Of course there are always limits, imo the higher limit for RH is 72% and lower 55% as well as temp of 55-65 Farenhite. 

3. YOUNGONS
I have another problem: I also like them young! As a result I keep my stash in different RH ranges (the older ones in my basement at 55-60RH and the everyday smokes 65-70 plus my secret stash that shall remain that way – otherwise it may become ground for divorce - if my better half finds out where I have been hiding the children’s school fees!) . I also have a desktop kept at 70. But let me tell you, with all these blend changes, new special releases every year and all variables that go into this hand made and therefore varied-in-quality-to-begin-with product, then even with all trial and errors in the world, we can only take it one step at a time, and I have stopped guessing how long to age certain vitolas and when the cigar peaks. I just buy as many boxes as I can, set some aside, and keep on smoking from one box, if its sick, well I smoke another one in a month, if its good, I keep going… LOL  

There is also a theory that leads stores such as Davidoff setting the RH at 70-72 (it goes something like take out one degree of %RH for every year of age starting from 75%, e.g., a 3 yr old cigar rests at 72% RH – this is just from memory, I probably messed it up – please correct if you remember the source, otherwise just submit it to the memory for long term storage!)

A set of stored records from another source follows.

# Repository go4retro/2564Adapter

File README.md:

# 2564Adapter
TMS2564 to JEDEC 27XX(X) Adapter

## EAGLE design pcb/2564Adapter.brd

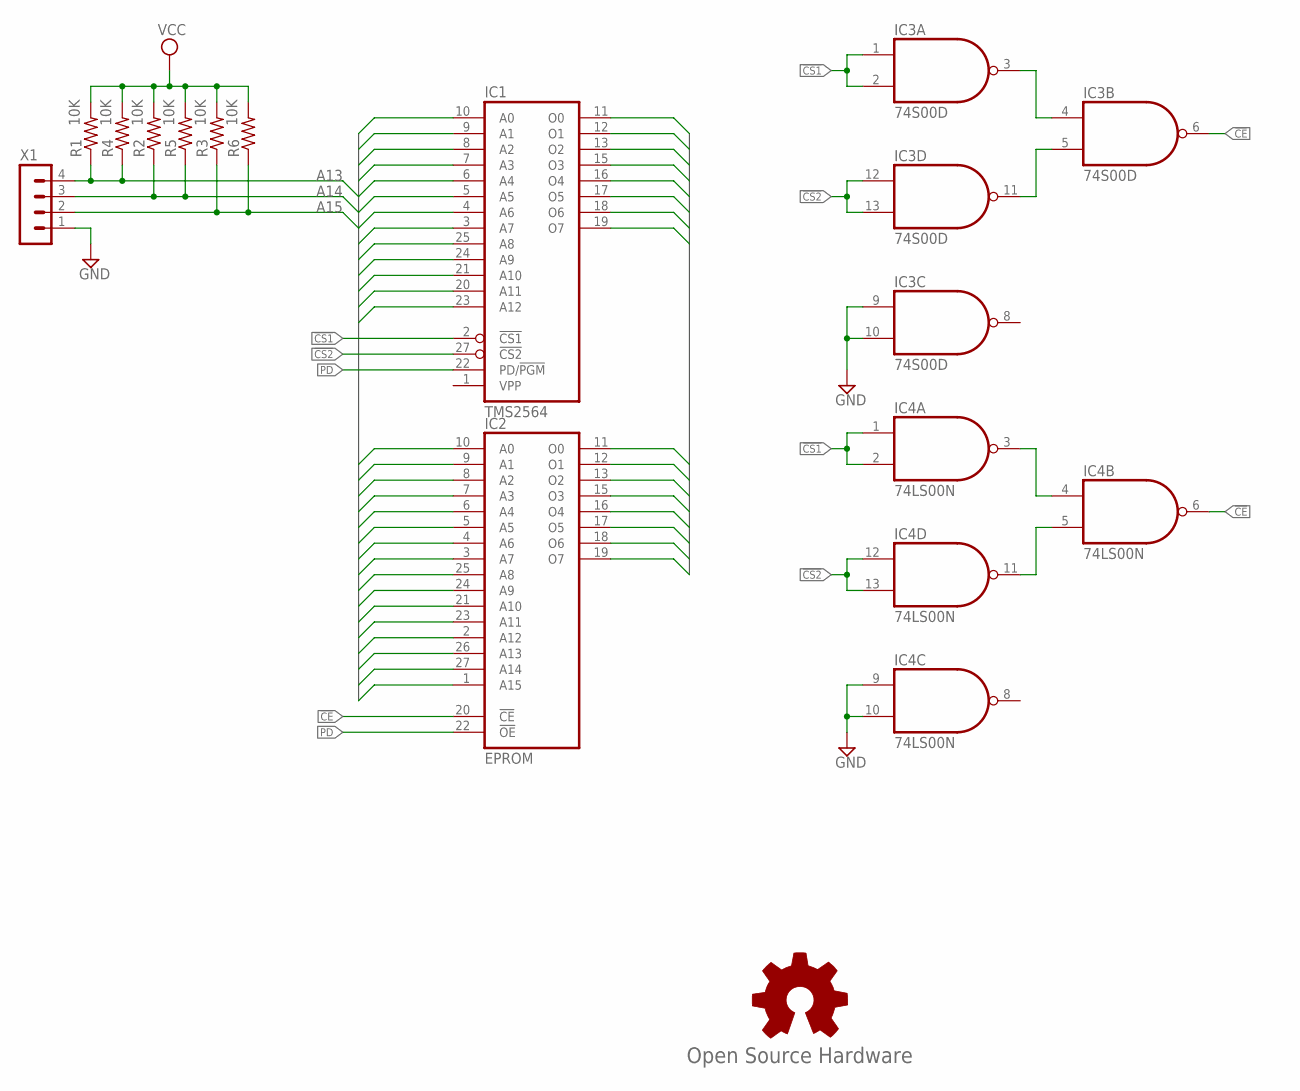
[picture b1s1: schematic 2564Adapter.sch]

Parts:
GOLD_ORB_SM1: Open Source Hardware; OSHW_5MM
IC1: TMS2564; DIL28-ROUNDPAD
IC2: EPROM; DIL28-ROUNDPAD
IC3: 74S00D; SO14
IC4: 74LS00N; DIL14-RP
R1, R2, R3: 10K; 0204/5
R4, R5, R6: 10K; R0805
X1: MA04-1

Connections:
!CE: IC2.20 (!CE), IC3.6 (O), IC4.6 (O)
!CS1: IC1.2 (!CS1), IC3.1 (I0), IC3.2 (I1), IC4.1 (I0), IC4.2 (I1)
!CS2: IC1.27 (!CS2), IC3.12 (I0), IC3.13 (I1), IC4.12 (I0), IC4.13 (I1)
A0: IC1.10 (A0), IC2.10 (A0)
A1: IC1.9 (A1), IC2.9 (A1)
A2: IC1.8 (A2), IC2.8 (A2)
A3: IC1.7 (A3), IC2.7 (A3)
A4: IC1.6 (A4), IC2.6 (A4)
A5: IC1.5 (A5), IC2.5 (A5)
A6: IC1.4 (A6), IC2.4 (A6)
A7: IC1.3 (A7), IC2.3 (A7)
A8: IC1.25 (A8), IC2.25 (A8)
A9: IC1.24 (A9), IC2.24 (A9)
A10: IC1.21 (A10), IC2.21 (A10)
A11: IC1.20 (A11), IC2.23 (A11)
A12: IC1.23 (A12), IC2.2 (A12)
A13: IC2.26 (A13), R1.1, R4.1, X1.4
A14: IC2.27 (A14), R2.1, R5.1, X1.3
A15: IC2.1 (A15), R3.1, R6.1, X1.2
D0: IC1.11 (O0), IC2.11 (O0)
D1: IC1.12 (O1), IC2.12 (O1)
D2: IC1.13 (O2), IC2.13 (O2)
D3: IC1.15 (O3), IC2.15 (O3)
D4: IC1.16 (O4), IC2.16 (O4)
D5: IC1.17 (O5), IC2.17 (O5)
D6: IC1.18 (O6), IC2.18 (O6)
D7: IC1.19 (O7), IC2.19 (O7)
GND: IC1.14 (GND), IC2.14 (GND), IC3.7 (GND), IC3.9 (I0), IC3.10 (I1), IC4.7 (GND), IC4.9 (I0), IC4.10 (I1), X1.1
unnamed: IC4.3 (O), IC4.4 (I0)
unnamed: IC4.5 (I1), IC4.11 (O)
unnamed: IC3.3 (O), IC3.4 (I0)
unnamed: IC3.5 (I1), IC3.11 (O)
PD: IC1.22 (PD/!PGM), IC2.22 (!OE)
VCC: IC1.26 (VCC), IC1.28 (VCC), IC2.28 (VCC), IC3.14 (VCC), IC4.14 (VCC), R1.2, R2.2, R3.2, R4.2, R5.2, R6.2

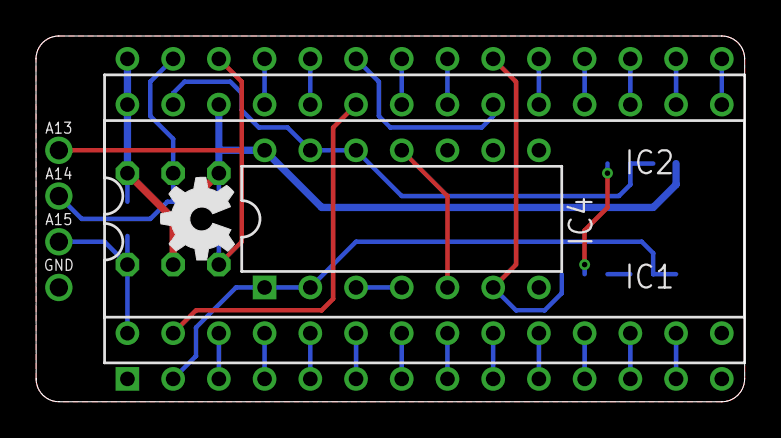
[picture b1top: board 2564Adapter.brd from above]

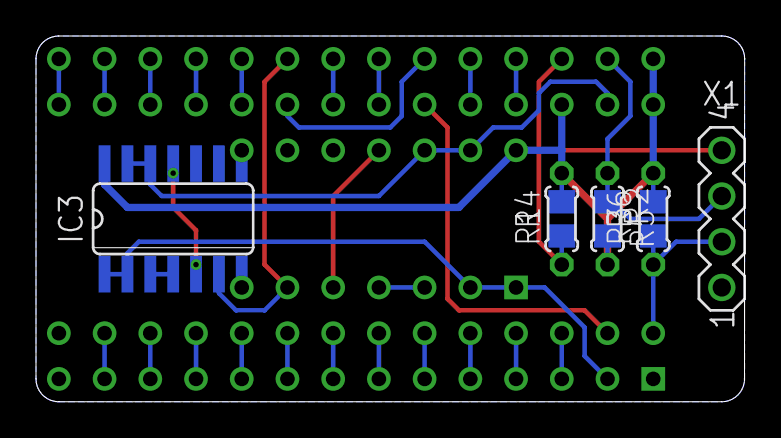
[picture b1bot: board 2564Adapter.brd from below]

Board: 2 copper layers, 39.4 x 20.3 mm, 12 parts (8 on the bottom side), 34 nets.

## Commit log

2018-03-11 Updated license
2018-03-11 Added README.md
2020-01-07 !PGM/PD is a possible select pin, so add in required logic to handle correctly for all cases.
2020-04-14 Added in dimensions
2020-04-24 Add Gerber files
2020-10-11 PCB Updates and BOM cleanup

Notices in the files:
pcb/2564Adapter.brd:
(c) 2018-19 RETRO Innovations
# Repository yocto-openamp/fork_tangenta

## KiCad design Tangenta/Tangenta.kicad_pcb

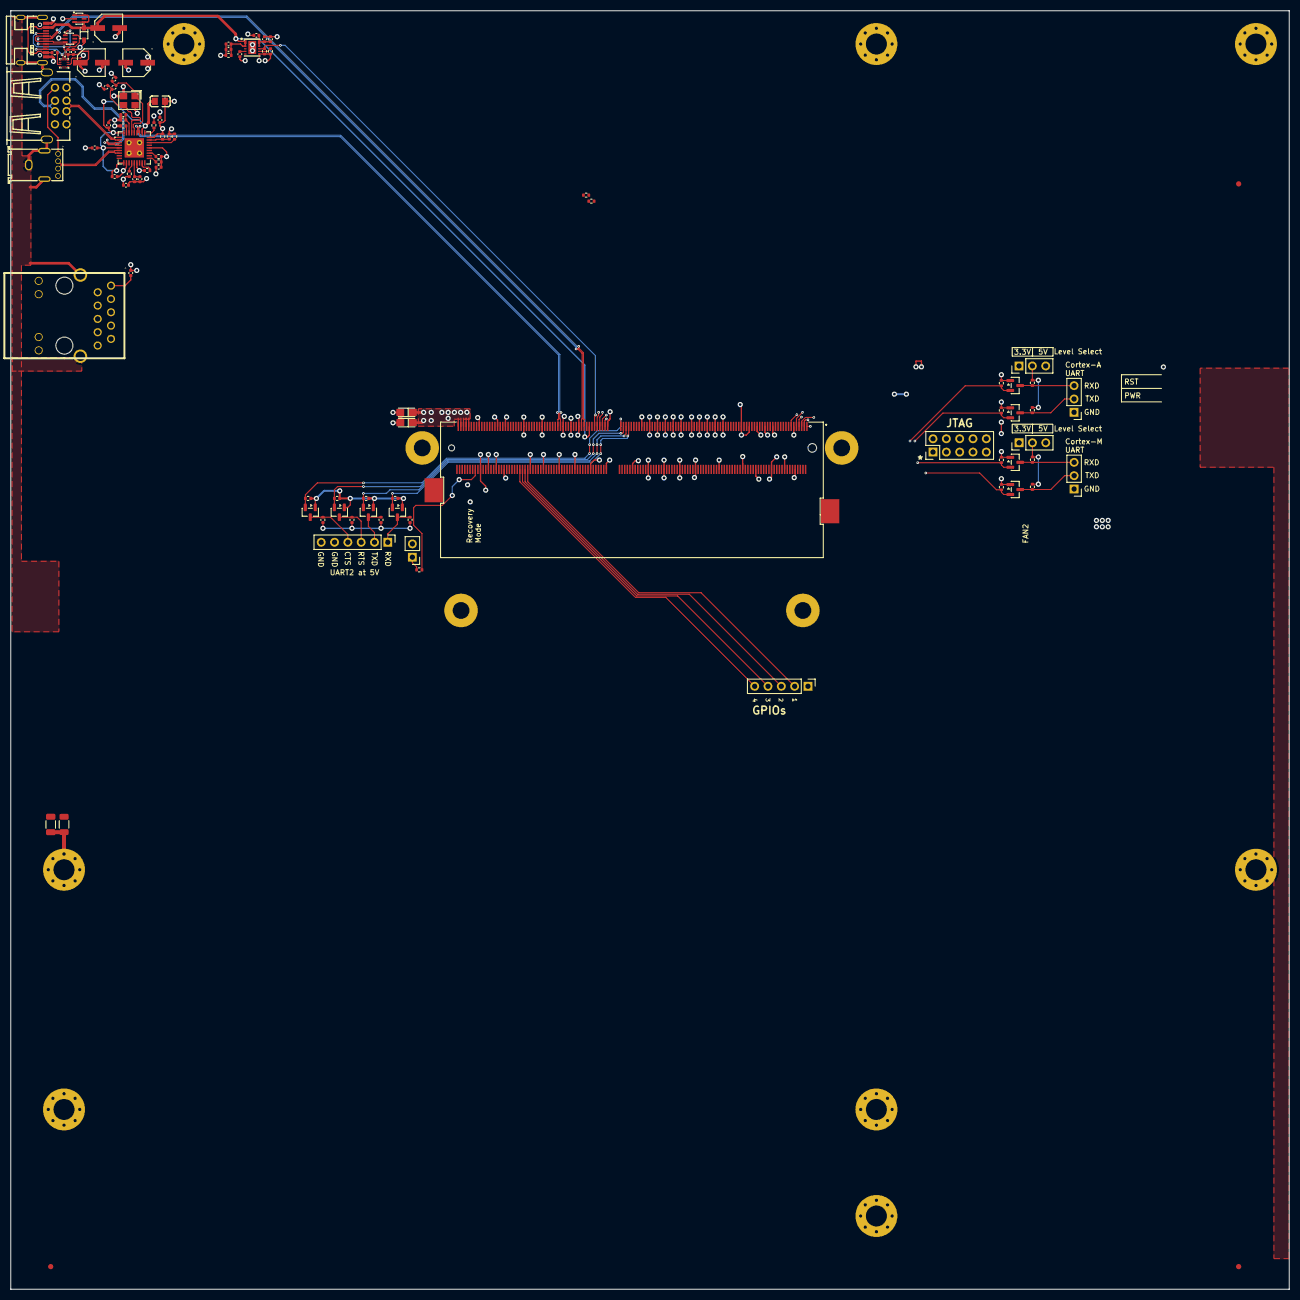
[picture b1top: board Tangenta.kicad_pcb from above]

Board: 4 copper layers, 243.8 x 243.8 mm, 105 parts (0 on the bottom side), 68 nets.

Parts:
C1: 2nF; C_1206_3216Metric
C40, C44, C50, C51, C52, C53, C54, C55, C57, C58, C63, C163: 100nF; C_0402_1005Metric
C41, C42, C43: 100uF; C_0402_1005Metric
C45: 10nF; C_0402_1005Metric
C46: 4.7uF; C_0402_1005Metric
C47: 1nF; C_0402_1005Metric
C48, C56, C59: 16CE47FSS; CAP_L5
C49, C62: 1uF; C_0402_1005Metric
C60, C61: 18pF; C_0402_1005Metric
C106, C107: 47uF; CAP_TANTAL_A
D5: BZT52C6V2S-7-F
FB1: GZ2012D101TF; Ferrite_Bead_100
FID1, FID2, FID3: Fiducial; Fiducial_1mm_Mask2mm
H1: MountingHole_Pad; MountingHole_4mm_Pad_Via
H2, H3, H4, H6, H7, H8, H9: MountingHole; MountingHole_4mm_Pad_Via
H12, H13, H14, H15: MountingHole; MountingHole_3.2mm_M3_Pad
J3: TYPEC-304-ACP16; USB_TYPEC
J4: 906-151A1058D10200; USB_VERTICAL_BLUE
J5: 907-211A1019D10200; USB_2_CONNECTOR
J11: 2309410-1; SODIMM_DDR4
J15: Conn_01x05_Pin; PinHeader_1x05_P2.54mm_Vertical
J16: Conn_01x02_Pin; PinHeader_1x02_P2.54mm_Vertical
J22: HY911130A; RJ45_MAGJACK_HY911130A
J27: Conn_01x06_Pin; PinHeader_1x06_P2.54mm_Vertical
J28, J29, J30, J31: Conn_01x03_Pin; PinHeader_1x03_P2.54mm_Vertical
J34: Conn_02x05_Odd_Even; PinHeader_2x05_P2.54mm_Vertical
Q11, Q12, Q13, Q14, Q15, Q16, Q17, Q18: BSS138; SOT-23
R1: 1k; R_1206_3216Metric
R27, R28, R31: 100k; R_0402_1005Metric
R29: 887k; R_0402_1005Metric
R30: 28.7k; R_0402_1005Metric
R32, R33, R35, R36, R37, R38, R40, R41: 10k; R_0402_1005Metric
R34: 12k; R_0402_1005Metric
R39: 1M; R_0402_1005Metric
R78: 330R; R_0402_1005Metric
R170, R171, R172, R173, R178, R179, R180, R181: 1.8k; R_0402_1005Metric
R174, R175, R176, R177, R182, R183, R184, R185: 4.7k; R_0402_1005Metric
U10: TUSB321RWBR
U11: AOZ1353DI-01; AOZ1353DI01
U12, U13: PUSB2X4Y-N; USB_ESD
U14: USB2514B-I_M2; USB_HUB
X1: X322524MOB4SI; XTAL_24MHZ

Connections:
/1V8: Q11.1 (G), Q12.1 (G), Q13.1 (G), Q14.1 (G), Q15.1 (G), Q16.1 (G), Q17.1 (G), Q18.1 (G), R27.2, R31.1, R170.2, R171.2, R172.2, R173.2, R178.2, R179.2, R180.2, R181.2
/3V3: C50.2, C52.2, C54.2, C59.1, FB1.1, J28.1, J29.1, R33.1, R37.1, R38.1, R40.1, R41.1, U14.15 (VDD33), U14.23 (VDD33), U14.27 (VBUS_DET)
/5V: C40.2, C41.2, C42.2, C43.2, C44.2, C56.1, C106.1, C107.1, J4.1 (VCC), J5.1 (VCC), J5.5 (VCC), J11.251, J11.253, J11.255, J11.257, J11.259, J28.3, J29.3, R174.2, R175.2, R176.2, R177.2, U10.12 (VDD), U11.10 (VIN), U11.12 (VIN)
/CHASSIS: C1.2, J3.13 (EP), J4.5 (SHELL), J4.6 (SHELL), J4.7 (SHELL), J5.9 (EH), J5.10 (EH), J22.15 (SH), J22.16 (SH), R1.1
/JTAG/JTAG.TCK: J11.9, J34.4
/JTAG/JTAG.TDI: J11.1, J34.8
/JTAG/JTAG.TDO: J11.5, J34.6
/JTAG/JTAG.TMS: J11.13, J34.2
/JTAG/JTAG.VREF: J11.7, J34.1
/JTAG/JTAG.nTRST: J11.3, J34.10
/Toradex/GPIO_1: J11.206, J15.2
/Toradex/GPIO_2: J11.208, J15.3
/Toradex/GPIO_3: J11.210, J15.4
/Toradex/GPIO_4: J11.212, J15.5
/Toradex/UART_2.CTS: J11.143, Q14.2 (S), R173.1
/Toradex/UART_2.RTS: J11.141, Q13.2 (S), R172.1
/Toradex/UART_2.RXD: J11.137, Q11.2 (S), R170.1
/Toradex/UART_2.TXD: J11.139, Q12.2 (S), R171.1
/Toradex/UART_3.RXD: J11.147, Q15.2 (S), R178.1
/Toradex/UART_3.TXD: J11.149, Q16.2 (S), R179.1
/Toradex/UART_4.RXD: J11.151, Q17.2 (S), R180.1
/Toradex/UART_4.TXD: J11.153, Q18.2 (S), R181.1
/Toradex/USB_DR.EN: J11.155, R28.2, U11.9 (EN)
/Toradex/USB_DR.ID: J11.161, R27.1, U10.9 (ID)
/Toradex/USB_DR.N: J3.A7 (D-), J3.B7 (D-), J11.163, U13.3
/Toradex/USB_DR.P: J3.A6 (D+), J3.B6 (D+), J11.165, U13.4
/Toradex/USB_DR.VBUS: C46.2, C47.2, C48.1, D5.1 (K), J3.A4B9 (VBUS), J3.B4A9 (VBUS), J11.159, R29.1, R32.2, U11.1 (VOUT), U11.3 (VOUT), U12.1, U12.3, U12.4, U12.6
/Toradex/USB_DR.nOC: J11.157, R31.2, U11.4 (FLTB)
/Toradex/USB_UP.N: J11.181, U14.30 (USBDM_UP)
/Toradex/USB_UP.P: J11.183, U14.31 (USBDP_UP)
/Toradex/nCTRL_REC: J11.246, R78.1
/UART_5V/CTS_2_H: J27.4, Q14.3 (D), R177.1
/UART_5V/RTS_2_H: J27.3, Q13.3 (D), R176.1
/UART_5V/RXD_2_H: J27.1, Q11.3 (D), R174.1
/UART_5V/TXD_2_H: J27.2, Q12.3 (D), R175.1
/UART_Terminal/U3_RXD: J30.3, Q15.3 (D), R182.1
/UART_Terminal/U3_TXD: J30.2, Q16.3 (D), R183.1
/UART_Terminal/U3_VSEL: J28.2, R182.2, R183.2
/UART_Terminal/U4_RXD: J31.3, Q17.3 (D), R184.1
/UART_Terminal/U4_TXD: J31.2, Q18.3 (D), R185.1
/UART_Terminal/U4_VSEL: J29.2, R184.2, R185.2
/USB/3V3A: C55.2, C57.2, C58.2, FB1.2, U14.5 (VDDA33), U14.10 (VDDA33), U14.29 (VDDA33), U14.36 (VDDA33)
/USB/USB_D1_N: J5.2 (D1-), U14.1 (USBDM_DN1/PRT_DIS_M1)
/USB/USB_D1_P: J5.3 (D1+), U14.2 (USBDP_DN1/PRT_DIS_P1)
/USB/USB_D2_N: J5.6 (D2-), U14.3 (USBDM_DN2/PRT_DIS_M2)
/USB/USB_D2_P: J5.7 (D2+), U14.4 (USBDP_DN2/PRT_DIS_P2)
/USB/USB_D3_N: J4.2 (D-), U14.6 (USBDM_DN3/PRT_DIS_M3)
/USB/USB_D3_P: J4.3 (D+), U14.7 (USBDP_DN3/PRT_DIS_P3)
/USB/XTALIN: C60.2, R39.1, U14.33 (XTALIN/CLKIN), X1.3 (OSC2)
/USB/XTALOUT: C61.2, R39.2, U14.32 (XTALOUT), X1.1 (OSC1)
/USB_DR/USB_DR_CC1: J3.A5 (CC1), U10.1 (CC1), U13.6
/USB_DR/USB_DR_CC2: J3.B5 (CC2), U10.2 (CC2), U13.1
GNDREF: C1.1, C40.1, C41.1, C42.1, C43.1, C44.1, C45.1, C46.1, C47.1, C48.2, C49.1, C50.1, C51.1, C52.1, C53.1, C54.1, C55.1, C56.2, C57.1, C58.1, C59.2, C60.1, C61.1, C62.1, C63.1, C106.2, C107.2, C163.2, D5.2 (A), H1.1 (1_1), J3.A1B12 (GND), J3.B1A12 (GND), J4.4 (GND), J5.4 (GND), J5.8 (GND), J11.10, J11.11, J11.18, J11.27, J11.28, J11.33, J11.39, J11.40, J11.45, J11.50, J11.51, J11.65, J11.68, J11.71, J11.77, J11.83, J11.86, J11.89, J11.97, J11.98, J11.103, J11.109, J11.110, J11.115, J11.121, J11.122, J11.127, J11.134, J11.145, J11.146, J11.158, J11.167, J11.170, J11.173, J11.179, J11.182, J11.194, J11.195, J11.204, J11.209, J11.223, J11.224, J11.229, J11.230, J11.236, J11.242, J11.243, J15.1, J16.2, J22.10, J22.12, J22.13, J27.5, J27.6, J30.1, J31.1, J34.3, J34.5, R1.2, R28.1, R30.1, R32.1, R34.1, R35.1, R36.1, U10.10 (GND), U11.7 (GND), U11.13 (EP), U12.2 (GND), U13.2 (GND), U14.11 (TEST), U14.37 (EP), X1.2 (GND), X1.4 (GND)
unnamed: C163.1, J22.1
unnamed: J16.1, R78.2
unnamed: R29.2, U10.5 (VBUS_DET)
unnamed: R30.2, U11.8 (ILIM)
unnamed: C45.2, U11.5 (SS)
unnamed: C62.2, C63.2, U14.14 (CRFILT)
unnamed: R36.2, U14.25 (HS_IND/CFG_SEL1)
unnamed: R40.2, U14.13 (OCS_N1)
unnamed: R41.2, U14.17 (OCS_N2)
unnamed: R38.2, U14.19 (OCS_N3)
unnamed: R37.2, U14.21 (OCS_N4)
unnamed: C49.2, C51.2, U14.34 (PLLFILT)
unnamed: R34.2, U14.35 (RBIAS)
unnamed: C53.2, R33.2, U14.26 (RESET_N)
unnamed: R35.2, U14.28 (SUSP_IND/LOCAL_PWR/NON_REM0)

Sorry folks for the long ramble, but figured this is a good topic and sharing our opinions once in a while IZGOOD!specially when we can only do the virtual herf! Yeah, I smoke mine here behind the keyboard and you listen and say $hit this guy loves the sound of his own voice (note to self: wish I could make it to the SOCAL Herf, this is the 7th year I am missing it – darn),,


----------



## mosesbotbol (Sep 21, 2005)

When Dunhill had a shop in Boston, they'd keep their cigars around 70%, I found them too humid for my taste, but they are more of an authority than I am, but I think the US conumer is looking for a humid cigar, where the real collector is not as likely to buy a single and smoke it right away.


----------



## Okee (Mar 31, 2005)

ESP said:


> I just buy as many boxes as I can, set some aside, and keep on smoking from one box, if its sick, well I smoke another one in a month, if its good, I keep going&#8230; LOL


I like the way you handle the ups and downs of this hobbie,(keep it simple).
A very enjoyable read.


----------



## ESP (Jan 1, 2000)

Okeechobeeman said:


> I like the way you handle the ups and downs of this hobbie,(keep it simple).
> A very enjoyable read.


Actually its not as simple as it seems, every time I smoked a cigar I used to keep a mental note as how great or terrible it was smoking, but after some years those mental notes got jumbled up and now I just take educated guesses!  
For example I have a theory on aging: imo cigars go through cyclical aging! (not as clear cut as MNR states! ) for example a 15 yr old vitola that tasted a bit sick (tannic, harsh) at one time and 3 months later the next one from the same box can smoke sublime without a hint of harshness,, I think cigars go through changes all the time, sometimes they offer loads of flavor, sometimes flat (sleep), and sometimes harsh, I guess it depends which flavor profile overshadows the others at each time. Of course when this song and dance is complete, like any other living organism, the cigars can also die! and taste like water,, Of course let's not forget the generalities such as sick period between 3mo and 1 yr (or 2 for some vitolas), after that there is the general consensus of 5-10 yrs that most cigars would reach a fullness and some say peak (imo that's at mid range RH/temps of 65/65), now you see why I just keep'on smoking regardless of all these crap theories! LOL


----------



## mosesbotbol (Sep 21, 2005)

ESP said:


> now you see why I just keep'on smoking regardless of all these crap theories! LOL


:tpd:

If you like the way it smokes, then smoke it; old or young. Don't let some guy in Hong Kong tell you either way. Sure he's an authority, but you are the one getting the enjoyment out of it, and that is why you are smoking the cigar to start with.


----------



## BP22 (Apr 13, 2006)

mosesbotbol said:


> :tpd:
> 
> If you like the way it smokes, then smoke it; old or young. Don't let some guy in Hong Kong tell you either way. Sure he's an authority, but you are the one getting the enjoyment out of it, and that is why you are smoking the cigar to start with.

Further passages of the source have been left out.